● **What is being asked**
In the listing below, tally the lines that hold "ReadBeforeWriteMsg" and report that number by itself.

------------------------------------------------------------------------

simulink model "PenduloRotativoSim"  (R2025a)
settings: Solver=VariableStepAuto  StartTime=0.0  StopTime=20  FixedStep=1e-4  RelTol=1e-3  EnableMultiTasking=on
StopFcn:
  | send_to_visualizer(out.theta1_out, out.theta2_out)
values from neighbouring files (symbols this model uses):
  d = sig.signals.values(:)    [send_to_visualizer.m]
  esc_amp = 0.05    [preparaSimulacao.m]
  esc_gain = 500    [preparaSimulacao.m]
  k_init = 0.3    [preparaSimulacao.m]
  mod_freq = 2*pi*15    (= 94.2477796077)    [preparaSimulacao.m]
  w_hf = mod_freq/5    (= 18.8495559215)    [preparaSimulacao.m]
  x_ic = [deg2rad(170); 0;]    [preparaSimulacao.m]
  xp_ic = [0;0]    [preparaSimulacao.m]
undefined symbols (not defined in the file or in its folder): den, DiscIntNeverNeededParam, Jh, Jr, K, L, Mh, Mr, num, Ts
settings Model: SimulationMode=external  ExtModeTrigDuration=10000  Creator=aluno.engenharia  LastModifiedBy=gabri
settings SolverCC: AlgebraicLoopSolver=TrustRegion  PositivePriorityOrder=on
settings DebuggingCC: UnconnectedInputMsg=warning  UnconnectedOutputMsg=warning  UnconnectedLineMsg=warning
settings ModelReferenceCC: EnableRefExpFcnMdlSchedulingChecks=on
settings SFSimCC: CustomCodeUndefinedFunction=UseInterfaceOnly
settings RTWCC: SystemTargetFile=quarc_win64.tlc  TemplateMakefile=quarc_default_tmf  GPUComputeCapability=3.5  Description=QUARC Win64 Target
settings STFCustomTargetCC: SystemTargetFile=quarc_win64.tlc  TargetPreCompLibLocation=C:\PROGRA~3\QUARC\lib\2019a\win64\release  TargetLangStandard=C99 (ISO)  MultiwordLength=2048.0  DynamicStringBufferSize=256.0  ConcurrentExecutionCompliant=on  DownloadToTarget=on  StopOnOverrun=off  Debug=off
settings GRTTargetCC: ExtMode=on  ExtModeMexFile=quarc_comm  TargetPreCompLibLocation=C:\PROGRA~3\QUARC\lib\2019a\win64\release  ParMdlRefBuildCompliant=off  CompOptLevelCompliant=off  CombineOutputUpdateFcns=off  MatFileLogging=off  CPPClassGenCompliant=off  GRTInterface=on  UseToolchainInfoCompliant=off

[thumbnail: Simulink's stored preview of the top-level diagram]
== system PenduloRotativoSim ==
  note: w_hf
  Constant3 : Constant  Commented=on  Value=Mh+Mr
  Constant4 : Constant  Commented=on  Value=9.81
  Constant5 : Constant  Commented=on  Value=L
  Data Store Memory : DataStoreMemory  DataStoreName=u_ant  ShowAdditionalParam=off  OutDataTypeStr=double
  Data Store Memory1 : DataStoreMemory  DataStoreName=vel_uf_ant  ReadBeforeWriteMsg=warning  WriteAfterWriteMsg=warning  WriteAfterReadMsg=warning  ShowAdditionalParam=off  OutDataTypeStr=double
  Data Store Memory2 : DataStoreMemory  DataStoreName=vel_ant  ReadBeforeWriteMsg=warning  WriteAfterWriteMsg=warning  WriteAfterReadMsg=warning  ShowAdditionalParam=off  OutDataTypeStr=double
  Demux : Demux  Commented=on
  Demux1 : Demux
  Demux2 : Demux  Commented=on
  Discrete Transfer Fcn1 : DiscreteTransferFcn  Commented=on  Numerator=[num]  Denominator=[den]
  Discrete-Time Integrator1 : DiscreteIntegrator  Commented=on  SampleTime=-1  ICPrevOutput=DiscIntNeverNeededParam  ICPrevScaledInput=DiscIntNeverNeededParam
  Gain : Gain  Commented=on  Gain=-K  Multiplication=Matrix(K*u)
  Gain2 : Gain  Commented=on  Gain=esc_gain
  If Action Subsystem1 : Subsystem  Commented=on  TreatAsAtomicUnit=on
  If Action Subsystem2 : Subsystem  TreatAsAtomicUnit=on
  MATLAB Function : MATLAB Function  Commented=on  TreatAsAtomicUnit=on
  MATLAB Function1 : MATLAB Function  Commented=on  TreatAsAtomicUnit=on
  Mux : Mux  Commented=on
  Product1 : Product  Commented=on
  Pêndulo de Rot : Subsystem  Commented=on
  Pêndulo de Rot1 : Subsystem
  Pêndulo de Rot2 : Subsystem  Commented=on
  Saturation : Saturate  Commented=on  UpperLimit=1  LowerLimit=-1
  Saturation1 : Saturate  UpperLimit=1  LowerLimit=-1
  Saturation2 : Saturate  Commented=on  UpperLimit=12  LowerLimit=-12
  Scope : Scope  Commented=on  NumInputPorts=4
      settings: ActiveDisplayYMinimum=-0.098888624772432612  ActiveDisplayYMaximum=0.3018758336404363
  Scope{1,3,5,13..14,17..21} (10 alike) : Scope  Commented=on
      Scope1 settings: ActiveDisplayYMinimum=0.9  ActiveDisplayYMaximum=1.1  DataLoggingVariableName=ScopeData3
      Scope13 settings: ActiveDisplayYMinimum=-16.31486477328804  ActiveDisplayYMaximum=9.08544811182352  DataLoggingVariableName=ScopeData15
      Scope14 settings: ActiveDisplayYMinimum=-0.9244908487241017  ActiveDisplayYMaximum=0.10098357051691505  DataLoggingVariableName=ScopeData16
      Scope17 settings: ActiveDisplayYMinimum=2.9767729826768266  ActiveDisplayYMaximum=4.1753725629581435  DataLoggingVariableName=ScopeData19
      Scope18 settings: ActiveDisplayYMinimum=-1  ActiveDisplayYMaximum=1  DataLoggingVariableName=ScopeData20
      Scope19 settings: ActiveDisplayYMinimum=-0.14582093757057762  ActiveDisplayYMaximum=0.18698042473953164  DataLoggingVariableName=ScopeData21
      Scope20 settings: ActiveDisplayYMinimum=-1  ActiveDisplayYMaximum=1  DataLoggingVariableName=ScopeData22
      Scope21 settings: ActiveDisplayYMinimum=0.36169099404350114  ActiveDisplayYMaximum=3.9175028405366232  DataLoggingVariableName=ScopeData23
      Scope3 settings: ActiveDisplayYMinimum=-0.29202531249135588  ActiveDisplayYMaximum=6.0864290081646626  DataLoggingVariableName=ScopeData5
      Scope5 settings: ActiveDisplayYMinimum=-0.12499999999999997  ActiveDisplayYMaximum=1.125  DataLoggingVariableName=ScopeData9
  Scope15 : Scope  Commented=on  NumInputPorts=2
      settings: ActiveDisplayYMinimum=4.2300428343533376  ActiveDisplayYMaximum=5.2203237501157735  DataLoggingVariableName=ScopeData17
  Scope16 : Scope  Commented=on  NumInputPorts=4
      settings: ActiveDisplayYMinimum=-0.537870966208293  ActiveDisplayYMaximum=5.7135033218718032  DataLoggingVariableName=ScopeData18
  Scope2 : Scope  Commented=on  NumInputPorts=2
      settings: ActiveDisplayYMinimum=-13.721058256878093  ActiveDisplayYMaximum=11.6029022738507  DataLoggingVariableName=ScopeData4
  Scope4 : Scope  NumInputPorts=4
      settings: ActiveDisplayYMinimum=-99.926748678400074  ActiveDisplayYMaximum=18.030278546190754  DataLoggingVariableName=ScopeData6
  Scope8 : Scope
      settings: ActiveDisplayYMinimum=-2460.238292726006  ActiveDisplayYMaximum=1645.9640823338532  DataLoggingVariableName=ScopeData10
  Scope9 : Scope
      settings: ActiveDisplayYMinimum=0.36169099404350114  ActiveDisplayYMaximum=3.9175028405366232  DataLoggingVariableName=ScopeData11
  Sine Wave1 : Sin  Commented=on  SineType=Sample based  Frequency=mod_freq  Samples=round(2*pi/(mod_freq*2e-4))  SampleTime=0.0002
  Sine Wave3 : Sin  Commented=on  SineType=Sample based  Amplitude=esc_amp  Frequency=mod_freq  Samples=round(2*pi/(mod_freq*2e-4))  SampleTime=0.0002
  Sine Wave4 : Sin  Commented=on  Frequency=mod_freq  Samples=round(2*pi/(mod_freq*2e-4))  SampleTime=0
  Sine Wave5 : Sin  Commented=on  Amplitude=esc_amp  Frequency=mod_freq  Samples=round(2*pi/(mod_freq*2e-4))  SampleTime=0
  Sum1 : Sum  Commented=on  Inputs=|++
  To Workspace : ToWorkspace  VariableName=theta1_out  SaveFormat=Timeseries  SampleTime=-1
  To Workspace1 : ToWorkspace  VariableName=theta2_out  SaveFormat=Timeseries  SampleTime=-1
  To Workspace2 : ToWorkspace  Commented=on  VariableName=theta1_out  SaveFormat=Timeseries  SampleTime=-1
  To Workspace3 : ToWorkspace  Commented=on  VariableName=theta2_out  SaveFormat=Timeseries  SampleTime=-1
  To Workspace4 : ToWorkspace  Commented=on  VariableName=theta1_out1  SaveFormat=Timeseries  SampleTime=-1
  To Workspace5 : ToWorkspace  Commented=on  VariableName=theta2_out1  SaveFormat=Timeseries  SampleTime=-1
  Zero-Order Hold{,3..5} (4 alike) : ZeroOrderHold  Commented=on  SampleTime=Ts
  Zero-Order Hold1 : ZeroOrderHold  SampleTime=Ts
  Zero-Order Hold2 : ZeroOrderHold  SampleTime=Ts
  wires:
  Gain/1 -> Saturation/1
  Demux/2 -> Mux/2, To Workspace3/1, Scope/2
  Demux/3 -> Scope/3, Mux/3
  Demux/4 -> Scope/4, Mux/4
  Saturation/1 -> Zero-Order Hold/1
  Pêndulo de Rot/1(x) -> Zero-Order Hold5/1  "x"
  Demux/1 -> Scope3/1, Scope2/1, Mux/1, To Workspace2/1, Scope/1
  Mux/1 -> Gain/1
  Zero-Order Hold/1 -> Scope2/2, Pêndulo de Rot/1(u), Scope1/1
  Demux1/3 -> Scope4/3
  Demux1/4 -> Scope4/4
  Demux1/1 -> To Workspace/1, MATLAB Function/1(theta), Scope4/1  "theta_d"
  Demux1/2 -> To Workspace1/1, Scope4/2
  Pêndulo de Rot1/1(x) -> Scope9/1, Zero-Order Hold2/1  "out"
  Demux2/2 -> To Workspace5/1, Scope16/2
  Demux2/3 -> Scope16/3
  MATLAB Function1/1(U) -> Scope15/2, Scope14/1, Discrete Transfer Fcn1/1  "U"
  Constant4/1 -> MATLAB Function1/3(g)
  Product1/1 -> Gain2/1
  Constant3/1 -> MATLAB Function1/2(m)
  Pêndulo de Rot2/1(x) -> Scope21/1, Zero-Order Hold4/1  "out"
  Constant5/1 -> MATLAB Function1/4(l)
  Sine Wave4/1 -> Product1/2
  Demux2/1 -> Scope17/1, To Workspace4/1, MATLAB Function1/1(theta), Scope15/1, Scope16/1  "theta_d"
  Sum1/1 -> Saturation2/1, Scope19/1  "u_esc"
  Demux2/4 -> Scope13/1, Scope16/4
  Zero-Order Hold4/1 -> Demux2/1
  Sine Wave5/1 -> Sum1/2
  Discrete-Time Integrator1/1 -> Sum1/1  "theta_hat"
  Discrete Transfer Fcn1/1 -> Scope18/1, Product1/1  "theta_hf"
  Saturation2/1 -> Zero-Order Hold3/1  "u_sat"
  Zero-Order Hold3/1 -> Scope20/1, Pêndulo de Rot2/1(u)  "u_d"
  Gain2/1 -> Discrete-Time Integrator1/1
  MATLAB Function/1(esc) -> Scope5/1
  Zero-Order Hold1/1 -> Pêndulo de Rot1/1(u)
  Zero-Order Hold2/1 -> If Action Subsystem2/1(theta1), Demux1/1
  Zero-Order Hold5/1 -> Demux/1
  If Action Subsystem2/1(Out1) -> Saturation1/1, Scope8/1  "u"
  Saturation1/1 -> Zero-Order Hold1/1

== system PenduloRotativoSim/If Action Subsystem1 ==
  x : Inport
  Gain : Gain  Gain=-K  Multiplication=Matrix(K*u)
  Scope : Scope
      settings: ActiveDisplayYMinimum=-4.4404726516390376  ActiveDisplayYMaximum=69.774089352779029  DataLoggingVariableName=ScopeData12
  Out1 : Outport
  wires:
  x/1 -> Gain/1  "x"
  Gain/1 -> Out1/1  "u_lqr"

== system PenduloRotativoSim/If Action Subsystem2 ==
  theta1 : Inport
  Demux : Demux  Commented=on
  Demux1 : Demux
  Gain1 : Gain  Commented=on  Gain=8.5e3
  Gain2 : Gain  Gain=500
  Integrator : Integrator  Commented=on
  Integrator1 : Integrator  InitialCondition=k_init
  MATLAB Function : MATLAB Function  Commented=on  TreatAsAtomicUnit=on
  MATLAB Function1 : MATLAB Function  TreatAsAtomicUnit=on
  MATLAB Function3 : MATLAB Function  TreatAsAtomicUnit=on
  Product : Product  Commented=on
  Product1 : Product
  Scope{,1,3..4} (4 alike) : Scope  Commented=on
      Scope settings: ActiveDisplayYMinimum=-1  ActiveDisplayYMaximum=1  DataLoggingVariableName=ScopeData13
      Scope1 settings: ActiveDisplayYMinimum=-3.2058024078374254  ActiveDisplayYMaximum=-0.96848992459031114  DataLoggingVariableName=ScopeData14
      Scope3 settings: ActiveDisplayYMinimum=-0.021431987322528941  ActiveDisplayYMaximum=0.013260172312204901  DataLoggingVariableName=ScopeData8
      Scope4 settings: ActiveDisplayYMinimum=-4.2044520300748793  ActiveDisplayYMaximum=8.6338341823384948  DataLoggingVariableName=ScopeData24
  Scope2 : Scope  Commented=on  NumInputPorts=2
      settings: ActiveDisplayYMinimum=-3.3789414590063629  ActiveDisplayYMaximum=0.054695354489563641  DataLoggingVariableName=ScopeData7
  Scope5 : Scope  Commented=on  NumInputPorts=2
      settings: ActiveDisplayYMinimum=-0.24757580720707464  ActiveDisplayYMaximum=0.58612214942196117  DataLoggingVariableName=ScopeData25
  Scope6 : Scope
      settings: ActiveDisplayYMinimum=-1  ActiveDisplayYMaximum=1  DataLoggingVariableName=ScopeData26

------------------------------------------------------------------------

● **Task output**
2